Vielen Dank an die Fotografinnen, und an Christina fürs zusammenstellen und verschicken!


----------



## lucie (8. Juli 2010)

Auch von mir Dank an Cristina für die mühevoll gestaltete CD. 
Sehr schöne Bilder, wunderrschöne Gegend und tolle Mädels - das Ganze bitte bald nochmal!!!


----------



## Chaotenkind (8. Juli 2010)

Danke!! Gestern abend völlig fertig heimgekommen und da lag die CD lag im Briefkasten. Da war doch die Müdigkeit gleich vergessen.

Werde sie mir jetzt aber mal gemütlich reinziehen!

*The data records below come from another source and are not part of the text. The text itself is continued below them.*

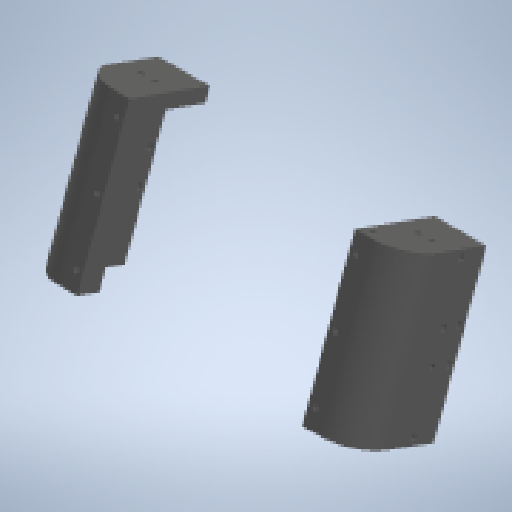
# Autodesk Inventor part: chest_cover_side
Saved by Autodesk Inventor 2024.1 (Build 281209000, 209)
## iProperties
Created: 2024-02-14
Part Number: chest_cover_side
Material: 一般
Document SubType Name: Modeling
Designer: hibik
Density: 1 g/cm^3
Appearance: 既定
Author: hibik
Autodesk Inventor part; units mm, degrees
ref_plane "YZ Plane" through (0, 0, 0) normal (1, 0, 0) x (0, 1, 0)
ref_plane "XZ Plane" through (0, 0, 0) normal (0, 1, 0) x (-1, 0, 0)
sketch "スケッチ1" plane through (0, 0, 0) normal (1, 0, 0) x (0, 1, 0)
  line L0 (0, 0) -> (33, 0)
  line L1 (33, 0) -> (3.8603, 10.606)
  line L2 (3.8603, 10.606) -> (0, 0)
  line L3 (33, 0) -> (3.8603, 10.606)
  line L4 (3.8603, 10.606) -> (5.2283, 14.3648)
  line L5 (5.2283, 14.3648) -> (34.3681, 3.7588)
  line L6 (34.3681, 3.7588) -> (33, 0)
  line L7 (5.2283, 14.3648) -> (0, 12.011)
  line L8 (0, 12.011) -> (3.8603, 10.606)
  line L9 (0, 0) -> (0, 12.011)
  circle A0 centre (2, 10.7181) radius 0.8
  line L10 (34.3681, 3.7588) -> (42.9186, 27.2511)
  line L11 (42.9186, 27.2511) -> (8.15, 39.9058)
  line L12 (8.15, 39.9058) -> (-0.4005, 16.4135)
  line L13 (-0.4005, 16.4135) -> (34.3681, 3.7588)
  line L14 (-0.4005, 16.4135) -> (8.15, 39.9058)
  line L15 (8.15, 39.9058) -> (50.4361, 24.5149)
  line L16 (50.4361, 24.5149) -> (41.8856, 1.0226)
  line L17 (41.8856, 1.0226) -> (-0.4005, 16.4135)
  line L18 (8.15, 39.9058) -> (-1.9502, 12.1558)
  line L19 (-1.9502, 12.1558) -> (2, 10.7181)
  line L20 (42.5697, 2.902) -> (0.2835, 18.2929)
  point P0 (0.2835, 18.2929)
  point P1 (-0.4005, 16.4135)
  point P2 (35.0521, 5.6382)
  point P3 (42.9186, 27.2511)
  dimension "d0" = 33
  dimension "d1" = 20
  dimension "d2" = 4
  dimension "d3" = 1.6
  dimension "d4" = 2
  dimension "d5" = 2
  dimension "d6" = 25
  dimension "d7" = 37
  dimension "d8" = 45
  dimension "d10" = 2
  constraints: 42 end point, 7 parallel, 6 perpendicular, 3 collinear, 3 point on line, 1 centre point, 1 coincident, 1 horizontal, 1 vertical
  measures "d0" distance of L0.start L0.end
  measures "d1" angle of L0 L1
  measures "d2" distance of L1.end L4.end
  measures "d3" diameter of A0
  measures "d4" distance from line of L7 L19.end
  measures "d5" distance from line of L9 L19.end
  measures "d6" distance between parallel lines of L5 L11
  measures "d7" distance between parallel lines of L12 L10
  measures "d8" distance between parallel lines of L12 L16
  measures "d10" distance between parallel lines of L17 L20
extrude "押し出し1" add sketch "スケッチ1" along normal blind 15 contours L5 L13 L12 L20 L10 | L10 L20 L16 L17 | L20 L12 L11 L10 | L10 L15 L16 L20
sketch "スケッチ2" plane through (0, 3.4515, 41.6159) normal (0, 0.3420201, 0.9396926) x (1, 0, 0)
  line L0 (0, 50) -> (5.2556, 50)
  line L1 (0, 0) -> (0, 50)
  circle A0 centre (2, 45) radius 0.8
  circle A1 centre (2, 10) radius 0.8
  circle A2 centre (2, 27.5) radius 0.8
  line L2 (0, 50) -> (4, 50)
  line L3 (4, 50) -> (4, 5)
  line L4 (4, 5) -> (0, 5)
  line L5 (0, 5) -> (0, 50)
  line L6 (0, 50) -> (0, 5) projected
  dimension "d13" = 1.6
  dimension "d14" = 1.6
  dimension "d15" = 1.6
  dimension "d18" = 5
  dimension "d19" = 17.5
  dimension "d21" = 17.5
  dimension "d22" = 2
  dimension "d23" = 4
  dimension "d30" = 5
  constraints: 12 end point, 3 centre point, 2 horizontal, 2 parallel, 2 vertical alignment, 1 collinear, 1 perpendicular
  measures "d13" diameter of A0
  measures "d14" diameter of A1
  measures "d15" diameter of A2
  measures "d18" distance from line of L4 A1.centre
  measures "d19" distance of A2.centre A0.centre
  measures "d21" distance of A2.centre A1.centre
  measures "d22" distance from line of A0.centre L5
  measures "d23" distance between parallel lines of L6 L3
  measures "d30" distance from line of L0 A0.centre
extrude "押し出し2" cut sketch "スケッチ2" against normal through all contours A0 | A1 | A2
ref_plane "作業平面1" through (-33, 0, 0) normal (-1, 0, 0) x (0, 0, 1)
mirror "ミラー1" about plane through (-33, 0, 0) normal (-1, 0, 0)
sketch "スケッチ4" plane through (-81, 2.3356, 23.9311) normal (-1, 0, 0) x (0, 0.3420201, 0.9396926)
  circle A0 centre (-6, 18) radius 0.8 projected
  circle A1 centre (-1, 18) radius 0.8 projected
  circle A2 centre (-1, 2) radius 0.8 projected
  line L0 (-8, 45) -> (17, 45) projected
  line L1 (-8, 0) -> (-8, 45) projected
  line L2 (17, 0) -> (-8, 0) projected
  line L3 (-8, 22.5) -> (0, 22.5)
  circle A3 centre (-6, 27) radius 0.8
  circle A4 centre (-1, 27) radius 0.8
  circle A5 centre (-1, 43) radius 0.8
  line L4 (17, 45) -> (17, 0) projected
  point P0 (-23.2867, 5.9901)
  constraints: 3 centre point, 3 symmetric about line, 2 end point, 1 midpoint, 3 other
extrude "押し出し4" cut sketch "スケッチ4" against normal through all contours A0 | A1 | A2 | A3 | A4 | A5
sketch "スケッチ5" plane through (-81, 41.8856, 1.0226) normal (0, 0.9396926, -0.3420201) x (1, 0, 0)
  circle A0 centre (83.3679, -22) radius 0.8 projected
  circle A1 centre (86.5298, -11.2421) radius 0.8 projected
  circle A2 centre (90.5298, -11.2421) radius 0.8 projected
  circle A3 centre (12.6321, -22) radius 0.8 projected
  circle A4 centre (9.4702, -11.2421) radius 0.8 projected
  circle A5 centre (5.4702, -11.2421) radius 0.8 projected
  point P0 (81, 15.2867)
extrude "押し出し5" cut sketch "スケッチ5" against normal through all
fillet "フィレット1" radius 10 2 edges at (-81, 29.293, 32.2104) (15, 29.293, 32.2104)
sketch "スケッチ6" plane through (-81, 41.8856, 1.0226) normal (0, 0.9396926, -0.3420201) x (1, 0, 0)
  line L0 (81, 0) -> (96, 0) projected
  line L1 (90.5, 0) -> (5.5, 0)
  line L2 (5.5, 0) -> (5.5, -18)
  line L3 (5.5, -18) -> (90.5, -18)
  line L4 (90.5, -18) -> (90.5, 0)
  line L5 (81, -25) -> (81, 0) projected
  line L6 (15, -25) -> (0, -25) projected
  line L7 (81, -25) -> (15, -25) construction
  point P0 (81, 15.2867)
  point P1 (81, -22.6101)
  point P2 (11, -25)
  point P3 (48, -25)
  point P4 (48, -18)
  dimension "d40" = 18
  dimension "d41" = 85
  constraints: 10 end point, 2 horizontal, 2 midpoint, 2 parallel, 1 perpendicular, 1 point on line, 1 vertical alignment
  measures "d40" distance of L3.end L1.start
  measures "d41" distance of L2.end L3.end
extrude "押し出し6" cut sketch "スケッチ6" against normal through all
sketch "スケッチ7" plane through (0, 50.4361, 24.5149) normal (0, 0.9396926, -0.3420201) x (1, 0, 0)
  circle A0 centre (2.3679, 3) radius 0.8 projected
  line L0 (9.5, 25) -> (9.5, 14.5574) projected
  arc A1 (9.5, 12.9585) -> (9.5, 14.5574) centre (9.5298, 13.7579) ccw projected
  line L1 (9.5, 12.9585) -> (9.5, 7) projected
  line L2 (9.5, 7) -> (0, 7) projected
  line L3 (0, 7) -> (0, 0) projected
  line L4 (0, 0) -> (5, 0) projected
  arc A2 (5, 0) -> (15, 10) centre (5, 10) ccw projected
  line L5 (15, 25) -> (15, 10) projected
  line L6 (9.5, 25) -> (15, 25) projected
  line L7 (-75.5, 14.5574) -> (-75.5, 25) projected
  line L8 (-75.5, 25) -> (-81, 25) projected
  line L9 (-81, 25) -> (-81, 10) projected
  arc A3 (-81, 10) -> (-71, 0) centre (-71, 10) ccw projected
  line L10 (-66, 0) -> (-71, 0) projected
  line L11 (-66, 7) -> (-66, 0) projected
  line L12 (-66, 7) -> (-75.5, 7) projected
  line L13 (-75.5, 7) -> (-75.5, 12.9585) projected
  arc A4 (-75.5, 14.5574) -> (-75.5, 12.9585) centre (-75.5298, 13.7579) ccw projected
  circle A5 centre (-68.3679, 3) radius 0.8 projected
  line L14 (15, 0) -> (0, 0)
  line L15 (0, 0) -> (0, 25)
  line L16 (0, 25) -> (15, 25)
  line L17 (15, 25) -> (15, 0)
  line L18 (-66, 0) -> (-81, 0)
  line L19 (-81, 0) -> (-81, 25)
  line L20 (-81, 25) -> (-66, 25)
  line L21 (-66, 25) -> (-66, 0)
  line L22 (15, 25) -> (15, 10) projected
  point P0 (0, 40.2867)
  constraints: 16 end point, 6 collinear, 4 parallel, 2 horizontal, 2 perpendicular, 1 point on line
extrude "押し出し7" add sketch "スケッチ7" against normal blind 4 contours L0 A1 L1 L2 L15 L16 | A4 L13 L12 L11 L10 A3 L9 L8 L7 | L7 L20 L21 L12 L13 A4 | A5
sketch "スケッチ8" plane through (0, 41.8856, 1.0226) normal (0, 0.9396926, -0.3420201) x (1, 0, 0)
  circle A0 centre (9.5298, -11.2421) radius 0.8 projected
  circle A1 centre (5.5298, -11.2421) radius 0.8 projected
  circle A2 centre (-71.5298, -11.2421) radius 0.8 projected
  circle A3 centre (9.5298, -11.2421) radius 0.8 projected
  circle A4 centre (-68.3679, -22) radius 0.8 projected
  circle A5 centre (5.5298, -11.2421) radius 0.8 projected
  circle A6 centre (-75.5298, -11.2421) radius 0.8 projected
  circle A7 centre (-71.5298, -11.2421) radius 0.8 projected
  circle A8 centre (2.3679, -22) radius 0.8 projected
  arc A9 (-16.0839, 0) -> (-19.042, -2.5) centre (-16.0839, -3) ccw projected
  arc A10 (-22, -5) -> (-19.042, -2.5) centre (-22, -2) ccw projected
  line L0 (-44, -5) -> (-22, -5) projected
  arc A11 (-46.958, -2.5) -> (-44, -5) centre (-44, -2) ccw projected
  arc A12 (-46.958, -2.5) -> (-49.9161, 0) centre (-49.9161, -3) ccw projected
  line L1 (-78, 0) -> (-49.9161, 0) projected
  arc A13 (-78, 0) -> (-81, -3) centre (-78, -3) ccw projected
  line L2 (-81, -15) -> (-81, -3) projected
  arc A14 (-81, -15) -> (-71, -25) centre (-71, -15) ccw projected
  line L3 (-71, -25) -> (5, -25) projected
  arc A15 (5, -25) -> (15, -15) centre (5, -15) ccw projected
  line L4 (15, -3) -> (15, -15) projected
  arc A16 (15, -3) -> (12, 0) centre (12, -3) ccw projected
  line L5 (-16.0839, 0) -> (12, 0) projected
  arc A17 (-46.8433, -9.5397) -> (-48.6909, -6.7698) centre (-49.8433, -9.5397) ccw projected
  line L6 (-46.8433, -9.5397) -> (-46.8433, -20) projected
  arc A18 (-49.8433, -23) -> (-46.8433, -20) centre (-49.8433, -20) ccw projected
  line L7 (-49.8433, -23) -> (-51.6865, -23) projected
  arc A19 (-54.6865, -20) -> (-51.6865, -23) centre (-51.6865, -20) ccw projected
  line L8 (-54.6865, -20) -> (-54.6865, -8.3352) projected
  arc A20 (-49.6125, -6.1676) -> (-54.6865, -8.3352) centre (-51.6865, -8.3352) ccw projected
  arc A21 (-49.6125, -6.1676) -> (-48.6909, -6.7698) centre (-47.5384, -4) ccw projected
  line L9 (-38, -23) -> (-39.8433, -23) projected
  arc A22 (-42.8433, -20) -> (-39.8433, -23) centre (-39.8433, -20) ccw projected
  line L10 (-42.8433, -20) -> (-42.8433, -10) projected
  arc A23 (-39.8433, -7) -> (-42.8433, -10) centre (-39.8433, -10) ccw projected
  line L11 (-39.8433, -7) -> (-38, -7) projected
  arc A24 (-35, -10) -> (-38, -7) centre (-38, -10) ccw projected
  line L12 (-35, -10) -> (-35, -20) projected
  arc A25 (-38, -23) -> (-35, -20) centre (-38, -20) ccw projected
  line L13 (0.5298, -5) -> (0.5298, -20) projected
  arc A26 (-2.4702, -23) -> (0.5298, -20) centre (-2.4702, -20) ccw projected
  line L14 (-2.4702, -23) -> (-4.3135, -23) projected
  arc A27 (-7.3135, -20) -> (-4.3135, -23) centre (-4.3135, -20) ccw projected
  line L15 (-7.3135, -20) -> (-7.3135, -5) projected
  arc A28 (-4.3135, -2) -> (-7.3135, -5) centre (-4.3135, -5) ccw projected
  line L16 (-4.3135, -2) -> (-2.4702, -2) projected
  arc A29 (0.5298, -5) -> (-2.4702, -2) centre (-2.4702, -5) ccw projected
  line L17 (-66.5298, -20) -> (-66.5298, -5) projected
  arc A30 (-63.5298, -2) -> (-66.5298, -5) centre (-63.5298, -5) ccw projected
  line L18 (-63.5298, -2) -> (-61.6865, -2) projected
  arc A31 (-58.6865, -5) -> (-61.6865, -2) centre (-61.6865, -5) ccw projected
  line L19 (-58.6865, -5) -> (-58.6865, -20) projected
  arc A32 (-61.6865, -23) -> (-58.6865, -20) centre (-61.6865, -20) ccw projected
  line L20 (-61.6865, -23) -> (-63.5298, -23) projected
  arc A33 (-66.5298, -20) -> (-63.5298, -23) centre (-63.5298, -20) ccw projected
  line L21 (4.5298, -6.6595) -> (4.5298, -5) projected
  arc A34 (7.5298, -2) -> (4.5298, -5) centre (7.5298, -5) ccw projected
  line L22 (7.5298, -2) -> (8, -2) projected
  arc A35 (11, -5) -> (8, -2) centre (8, -5) ccw projected
  line L23 (11, -5) -> (11, -5.9328) projected
  arc A36 (10.5187, -7.5626) -> (11, -5.9328) centre (8, -5.9328) ccw projected
  line L24 (10.5187, -7.5626) -> (10.0485, -8.2893) projected
  arc A37 (4.5298, -6.6595) -> (10.0485, -8.2893) centre (7.5298, -6.6595) ccw projected
  line L25 (-70.5298, -5) -> (-70.5298, -6.6595) projected
  arc A38 (-76.0485, -8.2893) -> (-70.5298, -6.6595) centre (-73.5298, -6.6595) ccw projected
  line L26 (-76.0485, -8.2893) -> (-76.5187, -7.5626) projected
  arc A39 (-77, -5.9328) -> (-76.5187, -7.5626) centre (-74, -5.9328) ccw projected
  line L27 (-77, -5.9328) -> (-77, -5) projected
  arc A40 (-74, -2) -> (-77, -5) centre (-74, -5) ccw projected
  line L28 (-74, -2) -> (-73.5298, -2) projected
  arc A41 (-70.5298, -5) -> (-73.5298, -2) centre (-73.5298, -5) ccw projected
  arc A42 (-17.3091, -6.7698) -> (-16.3875, -6.1676) centre (-18.4616, -4) ccw projected
  arc A43 (-11.3135, -8.3352) -> (-16.3875, -6.1676) centre (-14.3135, -8.3352) ccw projected
  line L29 (-11.3135, -8.3352) -> (-11.3135, -20) projected
  arc A44 (-14.3135, -23) -> (-11.3135, -20) centre (-14.3135, -20) ccw projected
  line L30 (-14.3135, -23) -> (-16.1567, -23) projected
  arc A45 (-19.1567, -20) -> (-16.1567, -23) centre (-16.1567, -20) ccw projected
  line L31 (-19.1567, -20) -> (-19.1567, -9.5397) projected
  arc A46 (-17.3091, -6.7698) -> (-19.1567, -9.5397) centre (-16.1567, -9.5397) ccw projected
  line L32 (-26.1567, -23) -> (-28, -23) projected
  arc A47 (-31, -20) -> (-28, -23) centre (-28, -20) ccw projected
  line L33 (-31, -20) -> (-31, -10) projected
  arc A48 (-28, -7) -> (-31, -10) centre (-28, -10) ccw projected
  line L34 (-28, -7) -> (-26.1567, -7) projected
  arc A49 (-23.1567, -10) -> (-26.1567, -7) centre (-26.1567, -10) ccw projected
  line L35 (-23.1567, -10) -> (-23.1567, -20) projected
  arc A50 (-26.1567, -23) -> (-23.1567, -20) centre (-26.1567, -20) ccw projected
  point P0 (0, 15.2867)
extrude "押し出し8" cut sketch "スケッチ8" against normal through all contours A0 | A1 | A2 | A6
equation "\"d5\" = d4"
equation "\"d19\" = d21"

Nochmals vielen Dank Cristina, für die Mühe!


----------



## Martina H. (8. Juli 2010)

... so, dann versuch ich mich mal an der versprochenen Fotostrecke:

zunächst ein paar Impressionen vom Harz:





















Das wir (oder zumindest einige von uns  ) diese Wege auch gefahren sind, beweisen diese Bilder:

































Einige von uns waren auf dem Brocken:





nämlich da drüben:





...einige im Bikepark:













... natürlich wurden auch gemeinsame Touren gemacht (garnicht so einfach bei 16 Frauen  )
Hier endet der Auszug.